▸ Exercise description
Look through the data below and extract, unchanged, the lines from the one that contains "#311=DIRECTION('',(0.,-1.,0.));" to the one that contains "#338=LINE('',#337,#336);", both included.

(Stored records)
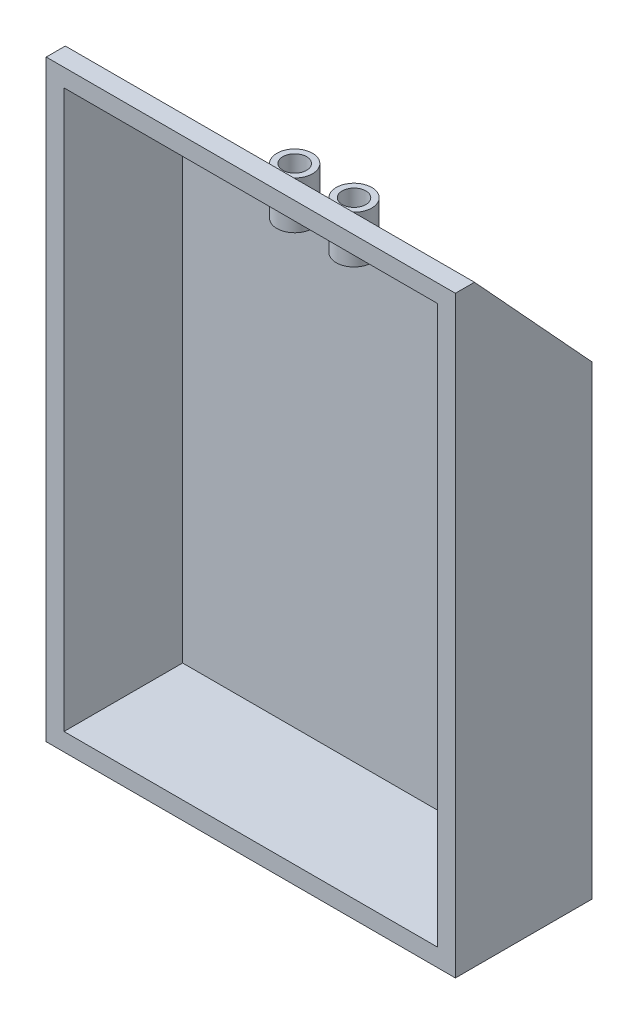
ISO-10303-21;
HEADER;
FILE_DESCRIPTION(('STEP AP214'),'2;1');
FILE_NAME('part.step','',(''),(''),'','','');
FILE_SCHEMA(('AUTOMOTIVE_DESIGN { 1 0 10303 214 1 1 1 1 }'));
ENDSEC;
DATA;
#1=APPLICATION_CONTEXT('core data for automotive mechanical design processes');
#2=APPLICATION_PROTOCOL_DEFINITION('international standard','automotive_design',2000,#1);
#3=PRODUCT_CONTEXT('',#1,'mechanical');
#4=PRODUCT('Part','Part','',(#3));
#5=PRODUCT_RELATED_PRODUCT_CATEGORY('part','',(#4));
#6=PRODUCT_DEFINITION_FORMATION('','',#4);
#7=PRODUCT_DEFINITION_CONTEXT('part definition',#1,'design');
#8=PRODUCT_DEFINITION('design','',#6,#7);
#9=PRODUCT_DEFINITION_SHAPE('','',#8);
#10=(LENGTH_UNIT() NAMED_UNIT(*) SI_UNIT(.MILLI.,.METRE.));
#11=(NAMED_UNIT(*) PLANE_ANGLE_UNIT() SI_UNIT($,.RADIAN.));
#12=(NAMED_UNIT(*) SI_UNIT($,.STERADIAN.) SOLID_ANGLE_UNIT());
#13=UNCERTAINTY_MEASURE_WITH_UNIT(LENGTH_MEASURE(1.E-05),#10,'distance_accuracy_value','');
#14=(GEOMETRIC_REPRESENTATION_CONTEXT(3) GLOBAL_UNCERTAINTY_ASSIGNED_CONTEXT((#13)) GLOBAL_UNIT_ASSIGNED_CONTEXT((#10,
#11,#12)) REPRESENTATION_CONTEXT('',''));
#15=CARTESIAN_POINT('',(0.,0.,0.));
#16=DIRECTION('',(0.,0.,1.));
#17=DIRECTION('',(1.,0.,0.));
#18=AXIS2_PLACEMENT_3D('',#15,#16,#17);
#19=CARTESIAN_POINT('',(4.99999999999996,30.,10.5942261348185));
#20=DIRECTION('',(0.,1.,0.));
#21=DIRECTION('',(-1.,0.,0.));
#22=AXIS2_PLACEMENT_3D('',#19,#20,#21);
#23=CYLINDRICAL_SURFACE('',#22,3.);
#24=CARTESIAN_POINT('',(4.99999999999995,35.,10.5942261348185));
#25=DIRECTION('',(0.,1.,0.));
#26=DIRECTION('',(-1.,0.,0.));
#27=AXIS2_PLACEMENT_3D('',#24,#25,#26);
#28=CIRCLE('',#27,3.);
#29=CARTESIAN_POINT('',(7.65633836041043,35.,9.19999999999967));
#30=VERTEX_POINT('',#29);
#31=CARTESIAN_POINT('',(2.34366163958948,35.,9.19999999999967));
#32=VERTEX_POINT('',#31);
#33=EDGE_CURVE('E52',#30,#32,#28,.T.);
#34=ORIENTED_EDGE('',*,*,#33,.T.);
#35=CARTESIAN_POINT('',(4.99999999999996,36.5154631900204,10.5942261348185));
#36=DIRECTION('',(0.,-0.677056530820892,0.735931011761821));
#37=DIRECTION('',(0.,0.735931011761822,0.677056530820892));
#38=AXIS2_PLACEMENT_3D('',#35,#36,#37);
#39=ELLIPSE('',#38,4.43094463081639,3.);
#40=EDGE_CURVE('E40',#32,#30,#39,.T.);
#41=ORIENTED_EDGE('',*,*,#40,.T.);
#42=EDGE_LOOP('',(#34,#41));
#43=FACE_BOUND('',#42,.T.);
#44=ADVANCED_FACE('F36',(#43),#23,.F.);
#45=CARTESIAN_POINT('',(-5.00000000000004,30.,10.5942261348185));
#46=DIRECTION('',(0.,1.,0.));
#47=DIRECTION('',(-1.,0.,0.));
#48=AXIS2_PLACEMENT_3D('',#45,#46,#47);
#49=CYLINDRICAL_SURFACE('',#48,3.);
#50=CARTESIAN_POINT('',(-5.00000000000005,35.,10.5942261348185));
#51=DIRECTION('',(0.,1.,0.));
#52=DIRECTION('',(-1.,0.,0.));
#53=AXIS2_PLACEMENT_3D('',#50,#51,#52);
#54=CIRCLE('',#53,3.);
#55=CARTESIAN_POINT('',(-2.34366163958957,35.,9.19999999999967));
#56=VERTEX_POINT('',#55);
#57=CARTESIAN_POINT('',(-7.65633836041052,35.,9.19999999999967));
#58=VERTEX_POINT('',#57);
#59=EDGE_CURVE('E168',#56,#58,#54,.T.);
#60=ORIENTED_EDGE('',*,*,#59,.T.);
#61=CARTESIAN_POINT('',(-5.00000000000004,36.5154631900204,10.5942261348185));
#62=DIRECTION('',(0.,-0.677056530820892,0.735931011761821));
#63=DIRECTION('',(0.,0.735931011761822,0.677056530820892));
#64=AXIS2_PLACEMENT_3D('',#61,#62,#63);
#65=ELLIPSE('',#64,4.43094463081638,3.);
#66=EDGE_CURVE('E250',#58,#56,#65,.T.);
#67=ORIENTED_EDGE('',*,*,#66,.T.);
#68=EDGE_LOOP('',(#60,#67));
#69=FACE_BOUND('',#68,.T.);
#70=ADVANCED_FACE('F264',(#69),#49,.F.);
#71=CARTESIAN_POINT('',(-34.5,50.,3.));
#72=DIRECTION('',(1.,0.,0.));
#73=DIRECTION('',(0.,1.,0.));
#74=AXIS2_PLACEMENT_3D('',#71,#72,#73);
#75=PLANE('',#74);
#76=DIRECTION('',(0.,-1.,0.));
#77=VECTOR('',#76,1.);
#78=CARTESIAN_POINT('',(-34.5,50.,23.));
#79=LINE('',#78,#77);
#80=CARTESIAN_POINT('',(-34.5,50.,23.));
#81=VERTEX_POINT('',#80);
#82=CARTESIAN_POINT('',(-34.5,-50.,23.));
#83=VERTEX_POINT('',#82);
#84=EDGE_CURVE('E230',#81,#83,#79,.T.);
#85=ORIENTED_EDGE('',*,*,#84,.F.);
#86=DIRECTION('',(0.,0.,1.));
#87=VECTOR('',#86,1.);
#88=CARTESIAN_POINT('',(-34.5,50.,23.));
#89=LINE('',#88,#87);
#90=CARTESIAN_POINT('',(-34.5,50.,19.7799999999999));
#91=VERTEX_POINT('',#90);
#92=EDGE_CURVE('E181',#91,#81,#89,.T.);
#93=ORIENTED_EDGE('',*,*,#92,.F.);
#94=DIRECTION('',(0.,0.735931011761822,0.677056530820892));
#95=VECTOR('',#94,1.);
#96=CARTESIAN_POINT('',(-34.5,50.,19.7799999999999));
#97=LINE('',#96,#95);
#98=CARTESIAN_POINT('',(-34.5,28.5000000000006,0.));
#99=VERTEX_POINT('',#98);
#100=EDGE_CURVE('E178',#99,#91,#97,.T.);
#101=ORIENTED_EDGE('',*,*,#100,.F.);
#102=DIRECTION('',(0.,-1.,0.));
#103=VECTOR('',#102,1.);
#104=CARTESIAN_POINT('',(-34.5,50.,0.));
#105=LINE('',#104,#103);
#106=CARTESIAN_POINT('',(-34.5,-50.,0.));
#107=VERTEX_POINT('',#106);
#108=EDGE_CURVE('E240',#99,#107,#105,.T.);
#109=ORIENTED_EDGE('',*,*,#108,.T.);
#110=DIRECTION('',(0.,0.,-1.));
#111=VECTOR('',#110,1.);
#112=CARTESIAN_POINT('',(-34.5,-50.,3.));
#113=LINE('',#112,#111);
#114=EDGE_CURVE('E45',#83,#107,#113,.T.);
#115=ORIENTED_EDGE('',*,*,#114,.F.);
#116=EDGE_LOOP('',(#85,#93,#101,#109,#115));
#117=FACE_BOUND('',#116,.T.);
#118=ADVANCED_FACE('F38',(#117),#75,.F.);
#119=CARTESIAN_POINT('',(-34.5,-50.,3.));
#120=DIRECTION('',(0.,1.,0.));
#121=DIRECTION('',(0.,0.,1.));
#122=AXIS2_PLACEMENT_3D('',#119,#120,#121);
#123=PLANE('',#122);
#124=DIRECTION('',(1.,0.,0.));
#125=VECTOR('',#124,1.);
#126=CARTESIAN_POINT('',(-34.5,-50.,0.));
#127=LINE('',#126,#125);
#128=CARTESIAN_POINT('',(34.5,-50.,0.));
#129=VERTEX_POINT('',#128);
#130=EDGE_CURVE('E242',#107,#129,#127,.T.);
#131=ORIENTED_EDGE('',*,*,#130,.T.);
#132=DIRECTION('',(0.,0.,-1.));
#133=VECTOR('',#132,1.);
#134=CARTESIAN_POINT('',(34.5,-50.,3.));
#135=LINE('',#134,#133);
#136=CARTESIAN_POINT('',(34.5,-50.,23.));
#137=VERTEX_POINT('',#136);
#138=EDGE_CURVE('E246',#137,#129,#135,.T.);
#139=ORIENTED_EDGE('',*,*,#138,.F.);
#140=DIRECTION('',(1.,0.,0.));
#141=VECTOR('',#140,1.);
#142=CARTESIAN_POINT('',(-34.5,-50.,23.));
#143=LINE('',#142,#141);
#144=EDGE_CURVE('E233',#83,#137,#143,.T.);
#145=ORIENTED_EDGE('',*,*,#144,.F.);
#146=ORIENTED_EDGE('',*,*,#114,.T.);
#147=EDGE_LOOP('',(#131,#139,#145,#146));
#148=FACE_BOUND('',#147,.T.);
#149=ADVANCED_FACE('F481',(#148),#123,.F.);
#150=CARTESIAN_POINT('',(34.5,50.,3.));
#151=DIRECTION('',(-1.,0.,0.));
#152=DIRECTION('',(0.,-1.,0.));
#153=AXIS2_PLACEMENT_3D('',#150,#151,#152);
#154=PLANE('',#153);
#155=DIRECTION('',(0.,1.,0.));
#156=VECTOR('',#155,1.);
#157=CARTESIAN_POINT('',(34.5,50.,0.));
#158=LINE('',#157,#156);
#159=CARTESIAN_POINT('',(34.5,28.5000000000006,0.));
#160=VERTEX_POINT('',#159);
#161=EDGE_CURVE('E244',#129,#160,#158,.T.);
#162=ORIENTED_EDGE('',*,*,#161,.T.);
#163=DIRECTION('',(0.,0.735931011761822,0.677056530820892));
#164=VECTOR('',#163,1.);
#165=CARTESIAN_POINT('',(34.5,50.,19.7799999999999));
#166=LINE('',#165,#164);
#167=CARTESIAN_POINT('',(34.5,50.,19.7799999999999));
#168=VERTEX_POINT('',#167);
#169=EDGE_CURVE('E176',#160,#168,#166,.T.);
#170=ORIENTED_EDGE('',*,*,#169,.T.);
#171=DIRECTION('',(0.,0.,1.));
#172=VECTOR('',#171,1.);
#173=CARTESIAN_POINT('',(34.5,50.,23.));
#174=LINE('',#173,#172);
#175=CARTESIAN_POINT('',(34.5,50.,23.));
#176=VERTEX_POINT('',#175);
#177=EDGE_CURVE('E182',#168,#176,#174,.T.);
#178=ORIENTED_EDGE('',*,*,#177,.T.);
#179=DIRECTION('',(0.,1.,0.));
#180=VECTOR('',#179,1.);
#181=CARTESIAN_POINT('',(34.5,50.,23.));
#182=LINE('',#181,#180);
#183=EDGE_CURVE('E236',#137,#176,#182,.T.);
#184=ORIENTED_EDGE('',*,*,#183,.F.);
#185=ORIENTED_EDGE('',*,*,#138,.T.);
#186=EDGE_LOOP('',(#162,#170,#178,#184,#185));
#187=FACE_BOUND('',#186,.T.);
#188=ADVANCED_FACE('F467',(#187),#154,.F.);
#189=CARTESIAN_POINT('',(0.,0.,0.));
#190=DIRECTION('',(0.,0.,1.));
#191=DIRECTION('',(1.,0.,0.));
#192=AXIS2_PLACEMENT_3D('',#189,#190,#191);
#193=PLANE('',#192);
#194=ORIENTED_EDGE('',*,*,#108,.F.);
#195=DIRECTION('',(1.,0.,0.));
#196=VECTOR('',#195,1.);
#197=CARTESIAN_POINT('',(-34.5,28.5000000000006,0.));
#198=LINE('',#197,#196);
#199=EDGE_CURVE('E185',#99,#160,#198,.T.);
#200=ORIENTED_EDGE('',*,*,#199,.T.);
#201=ORIENTED_EDGE('',*,*,#161,.F.);
#202=ORIENTED_EDGE('',*,*,#130,.F.);
#203=EDGE_LOOP('',(#194,#200,#201,#202));
#204=FACE_BOUND('',#203,.T.);
#205=ADVANCED_FACE('F460',(#204),#193,.F.);
#206=CARTESIAN_POINT('',(0.,0.,23.));
#207=DIRECTION('',(0.,0.,1.));
#208=DIRECTION('',(1.,0.,0.));
#209=AXIS2_PLACEMENT_3D('',#206,#207,#208);
#210=PLANE('',#209);
#211=ORIENTED_EDGE('',*,*,#84,.T.);
#212=ORIENTED_EDGE('',*,*,#144,.T.);
#213=ORIENTED_EDGE('',*,*,#183,.T.);
#214=DIRECTION('',(-1.,0.,0.));
#215=VECTOR('',#214,1.);
#216=CARTESIAN_POINT('',(-34.5,50.,23.));
#217=LINE('',#216,#215);
#218=EDGE_CURVE('E238',#176,#81,#217,.T.);
#219=ORIENTED_EDGE('',*,*,#218,.T.);
#220=EDGE_LOOP('',(#211,#212,#213,#219));
#221=FACE_BOUND('',#220,.T.);
#222=DIRECTION('',(0.,-1.,0.));
#223=VECTOR('',#222,1.);
#224=CARTESIAN_POINT('',(-31.5,47.,23.));
#225=LINE('',#224,#223);
#226=CARTESIAN_POINT('',(-31.5,47.,23.));
#227=VERTEX_POINT('',#226);
#228=CARTESIAN_POINT('',(-31.5,-47.,23.));
#229=VERTEX_POINT('',#228);
#230=EDGE_CURVE('E206',#227,#229,#225,.T.);
#231=ORIENTED_EDGE('',*,*,#230,.F.);
#232=DIRECTION('',(-1.,0.,0.));
#233=VECTOR('',#232,1.);
#234=CARTESIAN_POINT('',(-31.5,47.,23.));
#235=LINE('',#234,#233);
#236=CARTESIAN_POINT('',(31.5,47.,23.));
#237=VERTEX_POINT('',#236);
#238=EDGE_CURVE('E204',#237,#227,#235,.T.);
#239=ORIENTED_EDGE('',*,*,#238,.F.);
#240=DIRECTION('',(0.,1.,0.));
#241=VECTOR('',#240,1.);
#242=CARTESIAN_POINT('',(31.5,47.,23.));
#243=LINE('',#242,#241);
#244=CARTESIAN_POINT('',(31.5,-47.,23.));
#245=VERTEX_POINT('',#244);
#246=EDGE_CURVE('E212',#245,#237,#243,.T.);
#247=ORIENTED_EDGE('',*,*,#246,.F.);
#248=DIRECTION('',(1.,0.,0.));
#249=VECTOR('',#248,1.);
#250=CARTESIAN_POINT('',(-31.5,-47.,23.));
#251=LINE('',#250,#249);
#252=EDGE_CURVE('E209',#229,#245,#251,.T.);
#253=ORIENTED_EDGE('',*,*,#252,.F.);
#254=EDGE_LOOP('',(#231,#239,#247,#253));
#255=FACE_BOUND('',#254,.T.);
#256=ADVANCED_FACE('F282',(#221,#255),#210,.T.);
#257=CARTESIAN_POINT('',(-31.5,47.,23.));
#258=DIRECTION('',(0.,-1.,0.));
#259=DIRECTION('',(0.,0.,-1.));
#260=AXIS2_PLACEMENT_3D('',#257,#258,#259);
#261=PLANE('',#260);
#262=DIRECTION('',(-1.,0.,0.));
#263=VECTOR('',#262,1.);
#264=CARTESIAN_POINT('',(-31.5,47.,20.2399999999999));
#265=LINE('',#264,#263);
#266=CARTESIAN_POINT('',(31.5,47.,20.2399999999999));
#267=VERTEX_POINT('',#266);
#268=CARTESIAN_POINT('',(-31.5,47.,20.2399999999999));
#269=VERTEX_POINT('',#268);
#270=EDGE_CURVE('E200',#267,#269,#265,.T.);
#271=ORIENTED_EDGE('',*,*,#270,.F.);
#272=DIRECTION('',(0.,0.,-1.));
#273=VECTOR('',#272,1.);
#274=CARTESIAN_POINT('',(31.5,47.,23.));
#275=LINE('',#274,#273);
#276=EDGE_CURVE('E214',#237,#267,#275,.T.);
#277=ORIENTED_EDGE('',*,*,#276,.F.);
#278=ORIENTED_EDGE('',*,*,#238,.T.);
#279=DIRECTION('',(0.,0.,-1.));
#280=VECTOR('',#279,1.);
#281=CARTESIAN_POINT('',(-31.5,47.,23.));
#282=LINE('',#281,#280);
#283=EDGE_CURVE('E227',#227,#269,#282,.T.);
#284=ORIENTED_EDGE('',*,*,#283,.T.);
#285=EDGE_LOOP('',(#271,#277,#278,#284));
#286=FACE_BOUND('',#285,.T.);
#287=ADVANCED_FACE('F278',(#286),#261,.T.);
#288=CARTESIAN_POINT('',(-31.5,47.,23.));
#289=DIRECTION('',(1.,0.,0.));
#290=DIRECTION('',(0.,1.,0.));
#291=AXIS2_PLACEMENT_3D('',#288,#289,#290);
#292=PLANE('',#291);
#293=DIRECTION('',(0.,-0.735931011761822,-0.677056530820892));
#294=VECTOR('',#293,1.);
#295=CARTESIAN_POINT('',(-31.5,48.3752166377817,21.5051993067591));
#296=LINE('',#295,#294);
#297=CARTESIAN_POINT('',(-31.5,28.2608695652179,3.));
#298=VERTEX_POINT('',#297);
#299=EDGE_CURVE('E197',#269,#298,#296,.T.);
#300=ORIENTED_EDGE('',*,*,#299,.F.);
#301=ORIENTED_EDGE('',*,*,#283,.F.);
#302=ORIENTED_EDGE('',*,*,#230,.T.);
#303=DIRECTION('',(0.,0.,-1.));
#304=VECTOR('',#303,1.);
#305=CARTESIAN_POINT('',(-31.5,-47.,23.));
#306=LINE('',#305,#304);
#307=CARTESIAN_POINT('',(-31.5,-47.,3.));
#308=VERTEX_POINT('',#307);
#309=EDGE_CURVE('E224',#229,#308,#306,.T.);
#310=ORIENTED_EDGE('',*,*,#309,.T.);
#311=DIRECTION('',(0.,-1.,0.));
#312=VECTOR('',#311,1.);
#313=CARTESIAN_POINT('',(-31.5,47.,3.));
#314=LINE('',#313,#312);
#315=EDGE_CURVE('E203',#298,#308,#314,.T.);
#316=ORIENTED_EDGE('',*,*,#315,.F.);
#317=EDGE_LOOP('',(#300,#301,#302,#310,#316));
#318=FACE_BOUND('',#317,.T.);
#319=ADVANCED_FACE('F286',(#318),#292,.T.);
#320=CARTESIAN_POINT('',(-31.5,-47.,23.));
#321=DIRECTION('',(0.,1.,0.));
#322=DIRECTION('',(0.,0.,1.));
#323=AXIS2_PLACEMENT_3D('',#320,#321,#322);
#324=PLANE('',#323);
#325=DIRECTION('',(1.,0.,0.));
#326=VECTOR('',#325,1.);
#327=CARTESIAN_POINT('',(-31.5,-47.,3.));
#328=LINE('',#327,#326);
#329=CARTESIAN_POINT('',(31.5,-47.,3.));
#330=VERTEX_POINT('',#329);
#331=EDGE_CURVE('E216',#308,#330,#328,.T.);
#332=ORIENTED_EDGE('',*,*,#331,.F.);
#333=ORIENTED_EDGE('',*,*,#309,.F.);
#334=ORIENTED_EDGE('',*,*,#252,.T.);
#335=DIRECTION('',(0.,0.,-1.));
#336=VECTOR('',#335,1.);
#337=CARTESIAN_POINT('',(31.5,-47.,23.));
#338=LINE('',#337,#336);
#339=EDGE_CURVE('E221',#245,#330,#338,.T.);
#340=ORIENTED_EDGE('',*,*,#339,.T.);
#341=EDGE_LOOP('',(#332,#333,#334,#340));
#342=FACE_BOUND('',#341,.T.);
#343=ADVANCED_FACE('F290',(#342),#324,.T.);
#344=CARTESIAN_POINT('',(31.5,47.,23.));
#345=DIRECTION('',(-1.,0.,0.));
#346=DIRECTION('',(0.,-1.,0.));
#347=AXIS2_PLACEMENT_3D('',#344,#345,#346);
#348=PLANE('',#347);
#349=DIRECTION('',(0.,0.735931011761822,0.677056530820892));
#350=VECTOR('',#349,1.);
#351=CARTESIAN_POINT('',(31.5,48.3752166377817,21.5051993067591));
#352=LINE('',#351,#350);
#353=CARTESIAN_POINT('',(31.5,28.2608695652179,3.));
#354=VERTEX_POINT('',#353);
#355=EDGE_CURVE('E192',#354,#267,#352,.T.);
#356=ORIENTED_EDGE('',*,*,#355,.F.);
#357=DIRECTION('',(0.,1.,0.));
#358=VECTOR('',#357,1.);
#359=CARTESIAN_POINT('',(31.5,47.,3.));
#360=LINE('',#359,#358);
#361=EDGE_CURVE('E207',#330,#354,#360,.T.);
#362=ORIENTED_EDGE('',*,*,#361,.F.);
#363=ORIENTED_EDGE('',*,*,#339,.F.);
#364=ORIENTED_EDGE('',*,*,#246,.T.);
#365=ORIENTED_EDGE('',*,*,#276,.T.);
#366=EDGE_LOOP('',(#356,#362,#363,#364,#365));
#367=FACE_BOUND('',#366,.T.);
#368=ADVANCED_FACE('F273',(#367),#348,.T.);
#369=CARTESIAN_POINT('',(0.,0.,3.));
#370=DIRECTION('',(0.,0.,1.));
#371=DIRECTION('',(1.,0.,0.));
#372=AXIS2_PLACEMENT_3D('',#369,#370,#371);
#373=PLANE('',#372);
#374=DIRECTION('',(1.,0.,0.));
#375=VECTOR('',#374,1.);
#376=CARTESIAN_POINT('',(0.,28.2608695652179,3.));
#377=LINE('',#376,#375);
#378=EDGE_CURVE('E11',#298,#354,#377,.T.);
#379=ORIENTED_EDGE('',*,*,#378,.F.);
#380=ORIENTED_EDGE('',*,*,#315,.T.);
#381=ORIENTED_EDGE('',*,*,#331,.T.);
#382=ORIENTED_EDGE('',*,*,#361,.T.);
#383=EDGE_LOOP('',(#379,#380,#381,#382));
#384=FACE_BOUND('',#383,.T.);
#385=ADVANCED_FACE('F292',(#384),#373,.T.);
#386=CARTESIAN_POINT('',(-34.5,50.,19.7799999999999));
#387=DIRECTION('',(0.,0.677056530820892,-0.735931011761822));
#388=DIRECTION('',(0.,0.735931011761822,0.677056530820892));
#389=AXIS2_PLACEMENT_3D('',#386,#387,#388);
#390=PLANE('',#389);
#391=CARTESIAN_POINT('',(4.99999999999995,40.0154631900204,10.5942261348185));
#392=DIRECTION('',(0.,0.677056530820892,-0.735931011761822));
#393=DIRECTION('',(0.,0.735931011761822,0.677056530820892));
#394=AXIS2_PLACEMENT_3D('',#391,#392,#393);
#395=ELLIPSE('',#394,4.43094463081639,3.);
#396=CARTESIAN_POINT('',(6.20860493184799,43.,13.3399999999998));
#397=VERTEX_POINT('',#396);
#398=CARTESIAN_POINT('',(3.79139506815192,43.,13.3399999999998));
#399=VERTEX_POINT('',#398);
#400=EDGE_CURVE('E170',#397,#399,#395,.T.);
#401=ORIENTED_EDGE('',*,*,#400,.F.);
#402=EDGE_CURVE('E139',#399,#397,#395,.T.);
#403=ORIENTED_EDGE('',*,*,#402,.F.);
#404=EDGE_LOOP('',(#401,#403));
#405=FACE_BOUND('',#404,.T.);
#406=CARTESIAN_POINT('',(-5.00000000000005,40.0154631900204,10.5942261348185));
#407=DIRECTION('',(0.,0.677056530820892,-0.735931011761822));
#408=DIRECTION('',(0.,0.735931011761822,0.677056530820892));
#409=AXIS2_PLACEMENT_3D('',#406,#407,#408);
#410=ELLIPSE('',#409,4.43094463081638,3.);
#411=CARTESIAN_POINT('',(-3.79139506815202,43.,13.3399999999998));
#412=VERTEX_POINT('',#411);
#413=CARTESIAN_POINT('',(-6.20860493184808,43.,13.3399999999998));
#414=VERTEX_POINT('',#413);
#415=EDGE_CURVE('E173',#412,#414,#410,.T.);
#416=ORIENTED_EDGE('',*,*,#415,.F.);
#417=EDGE_CURVE('E177',#414,#412,#410,.T.);
#418=ORIENTED_EDGE('',*,*,#417,.F.);
#419=EDGE_LOOP('',(#416,#418));
#420=FACE_BOUND('',#419,.T.);
#421=ORIENTED_EDGE('',*,*,#169,.F.);
#422=ORIENTED_EDGE('',*,*,#199,.F.);
#423=ORIENTED_EDGE('',*,*,#100,.T.);
#424=DIRECTION('',(1.,0.,0.));
#425=VECTOR('',#424,1.);
#426=CARTESIAN_POINT('',(-34.5,50.,19.7799999999999));
#427=LINE('',#426,#425);
#428=EDGE_CURVE('E190',#91,#168,#427,.T.);
#429=ORIENTED_EDGE('',*,*,#428,.T.);
#430=EDGE_LOOP('',(#421,#422,#423,#429));
#431=FACE_BOUND('',#430,.T.);
#432=ADVANCED_FACE('F294',(#405,#420,#431),#390,.T.);
#433=CARTESIAN_POINT('',(-34.5,50.,23.));
#434=DIRECTION('',(0.,1.,0.));
#435=DIRECTION('',(-1.,0.,0.));
#436=AXIS2_PLACEMENT_3D('',#433,#434,#435);
#437=PLANE('',#436);
#438=ORIENTED_EDGE('',*,*,#177,.F.);
#439=ORIENTED_EDGE('',*,*,#428,.F.);
#440=ORIENTED_EDGE('',*,*,#92,.T.);
#441=ORIENTED_EDGE('',*,*,#218,.F.);
#442=EDGE_LOOP('',(#438,#439,#440,#441));
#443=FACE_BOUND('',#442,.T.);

▸ Result
#311=DIRECTION('',(0.,-1.,0.));
#312=VECTOR('',#311,1.);
#313=CARTESIAN_POINT('',(-31.5,47.,3.));
#314=LINE('',#313,#312);
#315=EDGE_CURVE('E203',#298,#308,#314,.T.);
#316=ORIENTED_EDGE('',*,*,#315,.F.);
#317=EDGE_LOOP('',(#300,#301,#302,#310,#316));
#318=FACE_BOUND('',#317,.T.);
#319=ADVANCED_FACE('F286',(#318),#292,.T.);
#320=CARTESIAN_POINT('',(-31.5,-47.,23.));
#321=DIRECTION('',(0.,1.,0.));
#322=DIRECTION('',(0.,0.,1.));
#323=AXIS2_PLACEMENT_3D('',#320,#321,#322);
#324=PLANE('',#323);
#325=DIRECTION('',(1.,0.,0.));
#326=VECTOR('',#325,1.);
#327=CARTESIAN_POINT('',(-31.5,-47.,3.));
#328=LINE('',#327,#326);
#329=CARTESIAN_POINT('',(31.5,-47.,3.));
#330=VERTEX_POINT('',#329);
#331=EDGE_CURVE('E216',#308,#330,#328,.T.);
#332=ORIENTED_EDGE('',*,*,#331,.F.);
#333=ORIENTED_EDGE('',*,*,#309,.F.);
#334=ORIENTED_EDGE('',*,*,#252,.T.);
#335=DIRECTION('',(0.,0.,-1.));
#336=VECTOR('',#335,1.);
#337=CARTESIAN_POINT('',(31.5,-47.,23.));
#338=LINE('',#337,#336);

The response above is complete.